La cour n’ayant pas accédé à cette requête, le parquet introduit séance tenante, une autre requête, cette fois-ci de suspension de l’audience pour trois heures afin de constituer ses pièces manquantes.

« Le ministère public en tant que partie, se retire du dossier »

Cette deuxième requête n’ayant pas reçu également avis favorable auprès de la cour, le procureur général, Arsène Francis Sanou, a décidé de se retirer du dossier en quittant la salle immédiatement. « Le ministère public en tant que partie, se retire du dossier », a-t-il déclaré en sortant.

Pour les avocats de l’accusé, si le ministère public se retire du procès, leur client Ousmane Guiro doit être relaxé séance tenante. « Nous demandons la relaxe de notre client car il n’y a pas de partie poursuivante », a laissé entendre l’un d’eux.

Me Farama, représentant le Réseau national de lutte anti-corruption (REN-LAC) qui s’est constitué partie civile dans le dossier, en prenant la parole, a posé la question à la cour de savoir si une audience peut-être tenue devant une chambre criminelle en l’absence de la partie accusatrice, notamment le parquet.

L’avocat, contrairement à ceux de la défense, estime que le retrait du parquet du dossier est un « incident d’audience » qui peut être réglé.

Après s’être retiré pendant plusieurs minutes pour concertation, la cour a décidé de poursuivre l’audience. Mais ce redémarrage sera de courte durée car à peine reprise, la défense d’Ousmane Guiro a soulevé la question de la représentation de la somme de 1 906 190 604 F CFA, objet du scellé.

le scellé en question n’a pas été déposé à son greffe

Selon eux, la somme de 1 906 190 604 F CFA retrouvée chez Ousmane Guiro en 2012 et qui a emmené la poursuite de ce dernier, ne se trouve pas au greffe du tribunal.

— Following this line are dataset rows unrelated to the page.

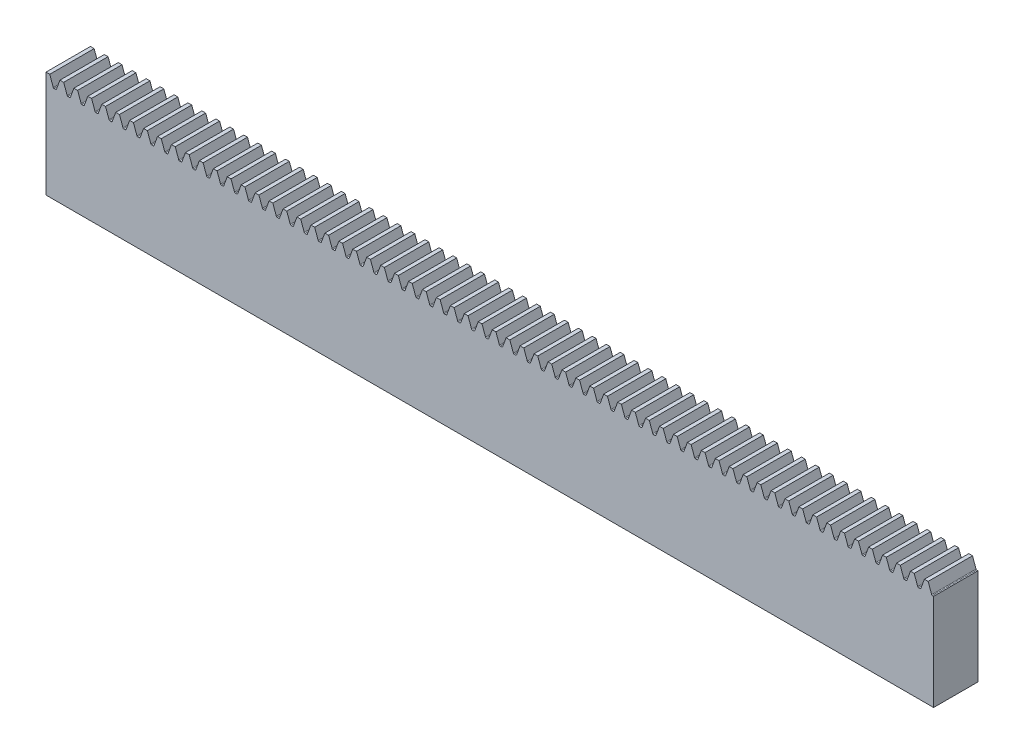
from build123d import *

# Parameters (mm, degrees)
BOSS_EXTRUDE1_DEPTH      = 50
BOSS_EXTRUDE1_DEPTH_BACK = 50
SKETCH2_W                = 5
SKETCH2_H                = 12
TOOTH_CUT_DEPTH          = 52.480578862
FILLET1_R                = 0.093496903
LPATTERN1_START          = -2.5
LPATTERN1_DEPTH          = 5


# Read off the part's stored shape, not the designer's step: LPattern1
with BuildPart() as part:
    # Sketch2 → Boss-Extrude1 (new, two sides: drawn at the far end of the back side and taken through both)
    with BuildSketch(Plane(origin=(0, 0, 0), x_dir=(0, 0, -1), z_dir=(1, 0, 0)).offset(-BOSS_EXTRUDE1_DEPTH_BACK)):
        with Locations((0, 6)):
            Rectangle(SKETCH2_W, SKETCH2_H)
    extrude(amount=BOSS_EXTRUDE1_DEPTH + BOSS_EXTRUDE1_DEPTH_BACK)

    # Tooth Cut Sketch → Tooth Cut (cut, symmetric)
    with BuildSketch(Plane.XY):
        Polygon((-49.578570234, 12), (-49.159713289, 10.8492), (-48.848056946, 10.8492), (-48.4292, 12), align=None)
    extrude(amount=TOOTH_CUT_DEPTH, both=True, mode=Mode.SUBTRACT)

    # Fillet1
    fillet1_edges = [part.edges().sort_by_distance(p)[0] for p in [
        (-48.848056946, 10.8492, 0),
        (-49.159713289, 10.8492, 0),
    ]]
    fillet(fillet1_edges, radius=FILLET1_R)

    # LPattern1 outline → LPattern1 (cut)
    with BuildSketch(Plane.XY.offset(LPATTERN1_START)):
        with BuildLine():
            ThreePointArc((-47.611304402, 10.910719079), (-47.577073673, 10.866108724), (-47.523446052, 10.8492))
            Line((-47.523446052, 10.8492), (-47.342724182, 10.8492))
            ThreePointArc((-47.342724182, 10.8492), (-47.289096561, 10.866108724), (-47.254865832, 10.910719079))
            Line((-47.254865832, 10.910719079), (-46.8584, 12))
            Line((-46.8584, 12), (-48.007770234, 12))
            Line((-48.007770234, 12), (-47.611304402, 10.910719079))
        make_face()
        with BuildLine():
            Line((50, 12), (49.381829766, 12))
            Line((49.381829766, 12), (49.778295598, 10.910719079))
            ThreePointArc((49.778295598, 10.910719079), (49.812526327, 10.866108724), (49.866153948, 10.8492))
            Line((49.866153948, 10.8492), (50, 10.8492))
            Line((50, 10.8492), (50, 12))
        make_face()
        with BuildLine():
            Line((48.9604, 12), (47.811029766, 12))
            Line((47.811029766, 12), (48.207495598, 10.910719079))
            ThreePointArc((48.207495598, 10.910719079), (48.241726327, 10.866108724), (48.295353948, 10.8492))
            Line((48.295353948, 10.8492), (48.476075818, 10.8492))
            ThreePointArc((48.476075818, 10.8492), (48.529703439, 10.866108724), (48.563934168, 10.910719079))
            Line((48.563934168, 10.910719079), (48.9604, 12))
        make_face()
        with BuildLine():
            Line((47.3896, 12), (46.240229766, 12))
            Line((46.240229766, 12), (46.636695598, 10.910719079))
            ThreePointArc((46.636695598, 10.910719079), (46.670926327, 10.866108724), (46.724553948, 10.8492))
            Line((46.724553948, 10.8492), (46.905275818, 10.8492))
            ThreePointArc((46.905275818, 10.8492), (46.958903439, 10.866108724), (46.993134168, 10.910719079))
            Line((46.993134168, 10.910719079), (47.3896, 12))
        make_face()
        with BuildLine():
            Line((45.8188, 12), (44.669429766, 12))
            Line((44.669429766, 12), (45.065895598, 10.910719079))
            ThreePointArc((45.065895598, 10.910719079), (45.100126327, 10.866108724), (45.153753948, 10.8492))
            Line((45.153753948, 10.8492), (45.334475818, 10.8492))
            ThreePointArc((45.334475818, 10.8492), (45.388103439, 10.866108724), (45.422334168, 10.910719079))
            Line((45.422334168, 10.910719079), (45.8188, 12))
        make_face()
        with BuildLine():
            Line((44.248, 12), (43.098629766, 12))
            Line((43.098629766, 12), (43.495095598, 10.910719079))
            ThreePointArc((43.495095598, 10.910719079), (43.529326327, 10.866108724), (43.582953948, 10.8492))
            Line((43.582953948, 10.8492), (43.763675818, 10.8492))
            ThreePointArc((43.763675818, 10.8492), (43.817303439, 10.866108724), (43.851534168, 10.910719079))
            Line((43.851534168, 10.910719079), (44.248, 12))
        make_face()
        with BuildLine():
            Line((42.6772, 12), (41.527829766, 12))
            Line((41.527829766, 12), (41.924295598, 10.910719079))
            ThreePointArc((41.924295598, 10.910719079), (41.958526327, 10.866108724), (42.012153948, 10.8492))
            Line((42.012153948, 10.8492), (42.192875818, 10.8492))
            ThreePointArc((42.192875818, 10.8492), (42.246503439, 10.866108724), (42.280734168, 10.910719079))
            Line((42.280734168, 10.910719079), (42.6772, 12))
        make_face()
        with BuildLine():
            Line((41.1064, 12), (39.957029766, 12))
            Line((39.957029766, 12), (40.353495598, 10.910719079))
            ThreePointArc((40.353495598, 10.910719079), (40.387726327, 10.866108724), (40.441353948, 10.8492))
            Line((40.441353948, 10.8492), (40.622075818, 10.8492))
            ThreePointArc((40.622075818, 10.8492), (40.675703439, 10.866108724), (40.709934168, 10.910719079))
            Line((40.709934168, 10.910719079), (41.1064, 12))
        make_face()
        with BuildLine():
            Line((39.5356, 12), (38.386229766, 12))
            Line((38.386229766, 12), (38.782695598, 10.910719079))
            ThreePointArc((38.782695598, 10.910719079), (38.816926327, 10.866108724), (38.870553948, 10.8492))
            Line((38.870553948, 10.8492), (39.051275818, 10.8492))
            ThreePointArc((39.051275818, 10.8492), (39.104903439, 10.866108724), (39.139134168, 10.910719079))
            Line((39.139134168, 10.910719079), (39.5356, 12))
        make_face()
        with BuildLine():
            Line((37.9648, 12), (36.815429766, 12))
            Line((36.815429766, 12), (37.211895598, 10.910719079))
            ThreePointArc((37.211895598, 10.910719079), (37.246126327, 10.866108724), (37.299753948, 10.8492))
            Line((37.299753948, 10.8492), (37.480475818, 10.8492))
            ThreePointArc((37.480475818, 10.8492), (37.534103439, 10.866108724), (37.568334168, 10.910719079))
            Line((37.568334168, 10.910719079), (37.9648, 12))
        make_face()
        with BuildLine():
            Line((36.394, 12), (35.244629766, 12))
            Line((35.244629766, 12), (35.641095598, 10.910719079))
            ThreePointArc((35.641095598, 10.910719079), (35.675326327, 10.866108724), (35.728953948, 10.8492))
            Line((35.728953948, 10.8492), (35.909675818, 10.8492))
            ThreePointArc((35.909675818, 10.8492), (35.963303439, 10.866108724), (35.997534168, 10.910719079))
            Line((35.997534168, 10.910719079), (36.394, 12))
        make_face()
        with BuildLine():
            Line((34.8232, 12), (33.673829766, 12))
            Line((33.673829766, 12), (34.070295598, 10.910719079))
            ThreePointArc((34.070295598, 10.910719079), (34.104526327, 10.866108724), (34.158153948, 10.8492))
            Line((34.158153948, 10.8492), (34.338875818, 10.8492))
            ThreePointArc((34.338875818, 10.8492), (34.392503439, 10.866108724), (34.426734168, 10.910719079))
            Line((34.426734168, 10.910719079), (34.8232, 12))
        make_face()
        with BuildLine():
            Line((33.2524, 12), (32.103029766, 12))
            Line((32.103029766, 12), (32.499495598, 10.910719079))
            ThreePointArc((32.499495598, 10.910719079), (32.533726327, 10.866108724), (32.587353948, 10.8492))
            Line((32.587353948, 10.8492), (32.768075818, 10.8492))
            ThreePointArc((32.768075818, 10.8492), (32.821703439, 10.866108724), (32.855934168, 10.910719079))
            Line((32.855934168, 10.910719079), (33.2524, 12))
        make_face()
        with BuildLine():
            Line((31.6816, 12), (30.532229766, 12))
            Line((30.532229766, 12), (30.928695598, 10.910719079))
            ThreePointArc((30.928695598, 10.910719079), (30.962926327, 10.866108724), (31.016553948, 10.8492))
            Line((31.016553948, 10.8492), (31.197275818, 10.8492))
            ThreePointArc((31.197275818, 10.8492), (31.250903439, 10.866108724), (31.285134168, 10.910719079))
            Line((31.285134168, 10.910719079), (31.6816, 12))
        make_face()
        with BuildLine():
            Line((30.1108, 12), (28.961429766, 12))
            Line((28.961429766, 12), (29.357895598, 10.910719079))
            ThreePointArc((29.357895598, 10.910719079), (29.392126327, 10.866108724), (29.445753948, 10.8492))
            Line((29.445753948, 10.8492), (29.626475818, 10.8492))
            ThreePointArc((29.626475818, 10.8492), (29.680103439, 10.866108724), (29.714334168, 10.910719079))
            Line((29.714334168, 10.910719079), (30.1108, 12))
        make_face()
        with BuildLine():
            Line((28.54, 12), (27.390629766, 12))
            Line((27.390629766, 12), (27.787095598, 10.910719079))
            ThreePointArc((27.787095598, 10.910719079), (27.821326327, 10.866108724), (27.874953948, 10.8492))
            Line((27.874953948, 10.8492), (28.055675818, 10.8492))
            ThreePointArc((28.055675818, 10.8492), (28.109303439, 10.866108724), (28.143534168, 10.910719079))
            Line((28.143534168, 10.910719079), (28.54, 12))
        make_face()
        with BuildLine():
            Line((26.9692, 12), (25.819829766, 12))
            Line((25.819829766, 12), (26.216295598, 10.910719079))
            ThreePointArc((26.216295598, 10.910719079), (26.250526327, 10.866108724), (26.304153948, 10.8492))
            Line((26.304153948, 10.8492), (26.484875818, 10.8492))
            ThreePointArc((26.484875818, 10.8492), (26.538503439, 10.866108724), (26.572734168, 10.910719079))
            Line((26.572734168, 10.910719079), (26.9692, 12))
        make_face()
        with BuildLine():
            Line((25.3984, 12), (24.249029766, 12))
            Line((24.249029766, 12), (24.645495598, 10.910719079))
            ThreePointArc((24.645495598, 10.910719079), (24.679726327, 10.866108724), (24.733353948, 10.8492))
            Line((24.733353948, 10.8492), (24.914075818, 10.8492))
            ThreePointArc((24.914075818, 10.8492), (24.967703439, 10.866108724), (25.001934168, 10.910719079))
            Line((25.001934168, 10.910719079), (25.3984, 12))
        make_face()
        with BuildLine():
            Line((23.8276, 12), (22.678229766, 12))
            Line((22.678229766, 12), (23.074695598, 10.910719079))
            ThreePointArc((23.074695598, 10.910719079), (23.108926327, 10.866108724), (23.162553948, 10.8492))
            Line((23.162553948, 10.8492), (23.343275818, 10.8492))
            ThreePointArc((23.343275818, 10.8492), (23.396903439, 10.866108724), (23.431134168, 10.910719079))
            Line((23.431134168, 10.910719079), (23.8276, 12))
        make_face()
        with BuildLine():
            Line((22.2568, 12), (21.107429766, 12))
            Line((21.107429766, 12), (21.503895598, 10.910719079))
            ThreePointArc((21.503895598, 10.910719079), (21.538126327, 10.866108724), (21.591753948, 10.8492))
            Line((21.591753948, 10.8492), (21.772475818, 10.8492))
            ThreePointArc((21.772475818, 10.8492), (21.826103439, 10.866108724), (21.860334168, 10.910719079))
            Line((21.860334168, 10.910719079), (22.2568, 12))
        make_face()
        with BuildLine():
            Line((20.686, 12), (19.536629766, 12))
            Line((19.536629766, 12), (19.933095598, 10.910719079))
            ThreePointArc((19.933095598, 10.910719079), (19.967326327, 10.866108724), (20.020953948, 10.8492))
            Line((20.020953948, 10.8492), (20.201675818, 10.8492))
            ThreePointArc((20.201675818, 10.8492), (20.255303439, 10.866108724), (20.289534168, 10.910719079))
            Line((20.289534168, 10.910719079), (20.686, 12))
        make_face()
        with BuildLine():
            Line((19.1152, 12), (17.965829766, 12))
            Line((17.965829766, 12), (18.362295598, 10.910719079))
            ThreePointArc((18.362295598, 10.910719079), (18.396526327, 10.866108724), (18.450153948, 10.8492))
            Line((18.450153948, 10.8492), (18.630875818, 10.8492))
            ThreePointArc((18.630875818, 10.8492), (18.684503439, 10.866108724), (18.718734168, 10.910719079))
            Line((18.718734168, 10.910719079), (19.1152, 12))
        make_face()
        with BuildLine():
            Line((17.5444, 12), (16.395029766, 12))
            Line((16.395029766, 12), (16.791495598, 10.910719079))
            ThreePointArc((16.791495598, 10.910719079), (16.825726327, 10.866108724), (16.879353948, 10.8492))
            Line((16.879353948, 10.8492), (17.060075818, 10.8492))
            ThreePointArc((17.060075818, 10.8492), (17.113703439, 10.866108724), (17.147934168, 10.910719079))
            Line((17.147934168, 10.910719079), (17.5444, 12))
        make_face()
        with BuildLine():
            Line((15.9736, 12), (14.824229766, 12))
            Line((14.824229766, 12), (15.220695598, 10.910719079))
            ThreePointArc((15.220695598, 10.910719079), (15.254926327, 10.866108724), (15.308553948, 10.8492))
            Line((15.308553948, 10.8492), (15.489275818, 10.8492))
            ThreePointArc((15.489275818, 10.8492), (15.542903439, 10.866108724), (15.577134168, 10.910719079))
            Line((15.577134168, 10.910719079), (15.9736, 12))
        make_face()
        with BuildLine():
            Line((14.4028, 12), (13.253429766, 12))
            Line((13.253429766, 12), (13.649895598, 10.910719079))
            ThreePointArc((13.649895598, 10.910719079), (13.684126327, 10.866108724), (13.737753948, 10.8492))
            Line((13.737753948, 10.8492), (13.918475818, 10.8492))
            ThreePointArc((13.918475818, 10.8492), (13.972103439, 10.866108724), (14.006334168, 10.910719079))
            Line((14.006334168, 10.910719079), (14.4028, 12))
        make_face()
        with BuildLine():
            Line((12.832, 12), (11.682629766, 12))
            Line((11.682629766, 12), (12.079095598, 10.910719079))
            ThreePointArc((12.079095598, 10.910719079), (12.113326327, 10.866108724), (12.166953948, 10.8492))
            Line((12.166953948, 10.8492), (12.347675818, 10.8492))
            ThreePointArc((12.347675818, 10.8492), (12.401303439, 10.866108724), (12.435534168, 10.910719079))
            Line((12.435534168, 10.910719079), (12.832, 12))
        make_face()
        with BuildLine():
            Line((11.2612, 12), (10.111829766, 12))
            Line((10.111829766, 12), (10.508295598, 10.910719079))
            ThreePointArc((10.508295598, 10.910719079), (10.542526327, 10.866108724), (10.596153948, 10.8492))
            Line((10.596153948, 10.8492), (10.776875818, 10.8492))
            ThreePointArc((10.776875818, 10.8492), (10.830503439, 10.866108724), (10.864734168, 10.910719079))
            Line((10.864734168, 10.910719079), (11.2612, 12))
        make_face()
        with BuildLine():
            Line((9.6904, 12), (8.541029766, 12))
            Line((8.541029766, 12), (8.937495598, 10.910719079))
            ThreePointArc((8.937495598, 10.910719079), (8.971726327, 10.866108724), (9.025353948, 10.8492))
            Line((9.025353948, 10.8492), (9.206075818, 10.8492))
            ThreePointArc((9.206075818, 10.8492), (9.259703439, 10.866108724), (9.293934168, 10.910719079))
            Line((9.293934168, 10.910719079), (9.6904, 12))
        make_face()
        with BuildLine():
            Line((8.1196, 12), (6.970229766, 12))
            Line((6.970229766, 12), (7.366695598, 10.910719079))
            ThreePointArc((7.366695598, 10.910719079), (7.400926327, 10.866108724), (7.454553948, 10.8492))
            Line((7.454553948, 10.8492), (7.635275818, 10.8492))
            ThreePointArc((7.635275818, 10.8492), (7.688903439, 10.866108724), (7.723134168, 10.910719079))
            Line((7.723134168, 10.910719079), (8.1196, 12))
        make_face()
        with BuildLine():
            Line((6.5488, 12), (5.399429766, 12))
            Line((5.399429766, 12), (5.795895598, 10.910719079))
            ThreePointArc((5.795895598, 10.910719079), (5.830126327, 10.866108724), (5.883753948, 10.8492))
            Line((5.883753948, 10.8492), (6.064475818, 10.8492))
            ThreePointArc((6.064475818, 10.8492), (6.118103439, 10.866108724), (6.152334168, 10.910719079))
            Line((6.152334168, 10.910719079), (6.5488, 12))
        make_face()
        with BuildLine():
            Line((4.978, 12), (3.828629766, 12))
            Line((3.828629766, 12), (4.225095598, 10.910719079))
            ThreePointArc((4.225095598, 10.910719079), (4.259326327, 10.866108724), (4.312953948, 10.8492))
            Line((4.312953948, 10.8492), (4.493675818, 10.8492))
            ThreePointArc((4.493675818, 10.8492), (4.547303439, 10.866108724), (4.581534168, 10.910719079))
            Line((4.581534168, 10.910719079), (4.978, 12))
        make_face()
        with BuildLine():
            Line((3.4072, 12), (2.257829766, 12))
            Line((2.257829766, 12), (2.654295598, 10.910719079))
            ThreePointArc((2.654295598, 10.910719079), (2.688526327, 10.866108724), (2.742153948, 10.8492))
            Line((2.742153948, 10.8492), (2.922875818, 10.8492))
            ThreePointArc((2.922875818, 10.8492), (2.976503439, 10.866108724), (3.010734168, 10.910719079))
            Line((3.010734168, 10.910719079), (3.4072, 12))
        make_face()
        with BuildLine():
            Line((1.8364, 12), (0.687029766, 12))
            Line((0.687029766, 12), (1.083495598, 10.910719079))
            ThreePointArc((1.083495598, 10.910719079), (1.117726327, 10.866108724), (1.171353948, 10.8492))
            Line((1.171353948, 10.8492), (1.352075818, 10.8492))
            ThreePointArc((1.352075818, 10.8492), (1.405703439, 10.866108724), (1.439934168, 10.910719079))
            Line((1.439934168, 10.910719079), (1.8364, 12))
        make_face()
        with BuildLine():
            Line((0.2656, 12), (-0.883770234, 12))
            Line((-0.883770234, 12), (-0.487304402, 10.910719079))
            ThreePointArc((-0.487304402, 10.910719079), (-0.453073673, 10.866108724), (-0.399446052, 10.8492))
            Line((-0.399446052, 10.8492), (-0.218724182, 10.8492))
            ThreePointArc((-0.218724182, 10.8492), (-0.165096561, 10.866108724), (-0.130865832, 10.910719079))
            Line((-0.130865832, 10.910719079), (0.2656, 12))
        make_face()
        with BuildLine():
            Line((-1.3052, 12), (-2.454570234, 12))
            Line((-2.454570234, 12), (-2.058104402, 10.910719079))
            ThreePointArc((-2.058104402, 10.910719079), (-2.023873673, 10.866108724), (-1.970246052, 10.8492))
            Line((-1.970246052, 10.8492), (-1.789524182, 10.8492))
            ThreePointArc((-1.789524182, 10.8492), (-1.735896561, 10.866108724), (-1.701665832, 10.910719079))
            Line((-1.701665832, 10.910719079), (-1.3052, 12))
        make_face()
        with BuildLine():
            Line((-2.876, 12), (-4.025370234, 12))
            Line((-4.025370234, 12), (-3.628904402, 10.910719079))
            ThreePointArc((-3.628904402, 10.910719079), (-3.594673673, 10.866108724), (-3.541046052, 10.8492))
            Line((-3.541046052, 10.8492), (-3.360324182, 10.8492))
            ThreePointArc((-3.360324182, 10.8492), (-3.306696561, 10.866108724), (-3.272465832, 10.910719079))
            Line((-3.272465832, 10.910719079), (-2.876, 12))
        make_face()
        with BuildLine():
            Line((-4.4468, 12), (-5.596170234, 12))
            Line((-5.596170234, 12), (-5.199704402, 10.910719079))
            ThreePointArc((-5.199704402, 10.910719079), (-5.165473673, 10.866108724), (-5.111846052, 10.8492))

A travers une correspondance, la greffière en chef de la Cour d’appel leur aurait indiqué que le scellé en question n’a pas été déposé à son greffe, ont-ils expliqué au tribunal.

Après concertation, le tribunal a ordonné au parquet, la représentation du scellé notamment la somme de 1 906 190 604 F CFA et décidé de renvoyer l’affaire à la prochaine session de la chambre criminelle pour une bonne administration de la justice.

Interrogé sur l’ouverture du procès au cas où le scellé venait à ne pas être retrouvé, Me Prosper Farama, avocat de la partie civile, n’est pas totalement optimiste.

« Il sera un peu compliqué qu’on puisse tenir un procès à l’absence des scellés mais pas seulement à l’absence des scellés, mais aussi à la méconnaissance de la situation des scellés. Ce n’est pas tant la question de la présence physique des scellés qui se pose, mais c’est plus la question de savoir que sont devenus les scellés. (…) Où sont les scellés ? En tout cas, on doit savoir où se trouve ces scellés et avoir la certitude que ces scellés, effectivement, existent là où ils se trouvent » s’est-il exprimé au micro de Faso7.

En rappel, Ousmane Guiro, ancien directeur général des douanes du Burkina Faso, avait été relevé de ses fonctions en janvier 2012 après la découverte à son domicile, de cantines contenant près de 2 milliards de F CFA.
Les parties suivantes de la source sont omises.